現在の私の所属するSIC研究部には、素材有効性を研究する人だけではなく、過去にビールの商品開発を行っていた方、品質保証に携わっていた方、長年成分分析に取り組んできた方など、さまざまな経験を持つメンバーがいます。それぞれが別々の視点から物事を見ることで、意外な糸口を見つけ出すこともあり、多様性がいかに重要か改めて実感しています。サントリーには酒類から清涼飲料、健康食品まで幅広い事業がありますから、多様な経歴と経験を持った研究者が多いのも、SICの特徴のひとつかもしれません。
また、SICの研究スタイルの特徴のひとつは、研究者が市場性を意識していることです。飲料との親和性を考え、美味しさを重視することもそのひとつですが、それぞれがそれぞれの研究アプローチをする中で、つねに一般消費者の方がどのような反応をするかを念頭に置きながら研究に取り組んでいます。基盤研究はお客様との距離が遠く、コミュニケーションがとりづらいと一般的には言われていますが、私自身入社後、最初の配属先が商品開発部だったこともあり、つねにお客様の存在を意識して研究を行うよう心がけています。
SICではミッションのひとつに「新規事業の創造」を掲げています。そのため、若手であっても自分で考えたテーマを提案できる機会があります。新しいテーマを創出するために、「この素材にはこういう成分が入っているから、こういう健康効能があるのではないか」という仮説を立て、実験・検証をし、その仮説が正しかった時、パズルがぴったりはまるような喜びと達成感があります。もちろん、それを商品化につながるような研究成果までもっていくにはまだまだ長い道のりがあります。これまで世の中になかったものを新しく作りだすこと、誰も知らなかった作用メカニズムが解明できることは、基盤研究にとって最大の魅力だと思います。

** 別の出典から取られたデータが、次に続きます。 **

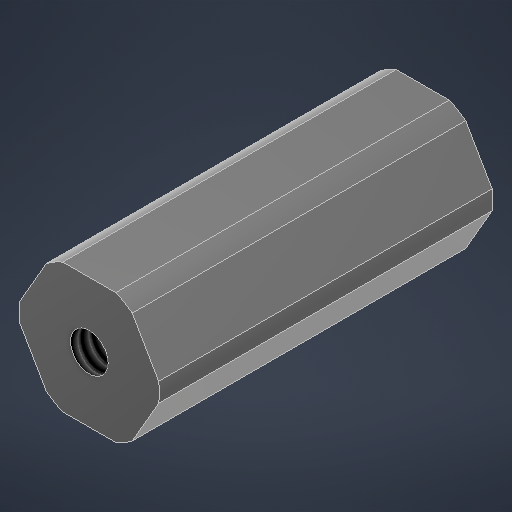
# Autodesk Inventor part: PINION_SHAFT_INTAKE
Saved by Autodesk Inventor 2026.2 (Build 302298010, 298A)
## iProperties
Created: 2026-04-02
Part Number: PINION_SHAFT_INTAKE
Material: Aluminum, 7075-T6
Document SubType Name: Modeling
Designer: 4aida
Density: 2.81 g/cm^3
Appearance: Smooth - Black
Author: 4aida
Autodesk Inventor part; units mm, degrees
ref_plane "YZ Plane" through (0, 0, 0) normal (1, 0, 0) x (0, 1, 0)
ref_plane "XZ Plane" through (0, 0, 0) normal (0, 1, 0) x (-1, 0, 0)
ref_plane "XY Plane" through (0, 0, 0) normal (0, 0, 1) x (1, 0, 0)
sketch "Sketch1" plane through (0, 0, 0) normal (0, 0, 1) x (1, 0, 0)
  line L0 (-3.6662, 6.35) -> (3.6662, 6.35)
  line L1 (3.6662, 6.35) -> (7.3323, 0)
  line L2 (7.3323, 0) -> (3.6662, -6.35)
  line L3 (3.6662, -6.35) -> (-3.6662, -6.35)
  line L4 (-3.6662, -6.35) -> (-7.3323, 0)
  line L5 (-7.3323, 0) -> (-3.6662, 6.35)
  circle A0 centre (0, 0) radius 6.858
  point P0 (2.5903, -6.35)
  point P1 (4.2041, -5.4183)
  point P2 (6.7944, -0.9317)
  point P3 (6.7944, 0.9317)
  point P4 (4.2041, 5.4183)
  point P5 (2.5903, 6.35)
  point P6 (-2.5903, 6.35)
  point P7 (-4.2041, 5.4183)
  point P8 (-6.7944, 0.9317)
  point P9 (-6.7944, -0.9317)
  point P10 (-4.2041, -5.4183)
  point P11 (-2.5903, -6.35)
  dimension "d0" = 12.7
  dimension "d1" = 13.716
  constraints: 12 end point, 2 coincident, 1 centre point, 1 horizontal, 13 other
  measures "d0" distance between parallel lines of L3 L0
  measures "d1" diameter of A0
extrude "Extrusion1" add sketch "Sketch1" along normal mid plane 32.639 contours L0 A0 L1 L2 L3 L4 L5
sketch "Sketch2" plane through (0, 0, 16.3195) normal (0, 0, 1) x (1, 0, 0)
  point P0 (0, 0)
hole "Hole1" at (0, 0, 16.3195) direction (0, 0, -1) diameter 3.683 end through all thread size "10-24 UNC" class "2B" standard "ANSI Unified Screw Threads"
mirror "Mirror1" about plane through (0, 0, 0) normal (0, 0, 1) of "Hole1"
body "Solid1"

商品開発部に在籍した2年間は、とても貴重な経験でした。それを活かすことが、今後、研究者としての私の強みになると思っています。例えば、どのような素材成分だったら、お客様が受け入れやすいか、あるいは反対に受け入れにくいかを実感したことがあります。商品開発を行っていた時に疑問に感じていたことを、基盤研究としてより追求するため新たなテーマとして提案したこともありました。商品開発部で培った知見を現在の研究に活かすこと、それが次のステップに必ずつながると思います。
目下の目標はやはり、自分の研究成果を商品化につなげることです。具体的に言えば、トクホなどの健康関連飲料となるような商品を世に送り出したいと思っています。幸い、「黒烏龍茶」の研究開発に携わった上司が身近にいます。そんな上司を目標に、一日も早く目標を達成したいと思います。
* 内容・社員の所属は取材当時のものです。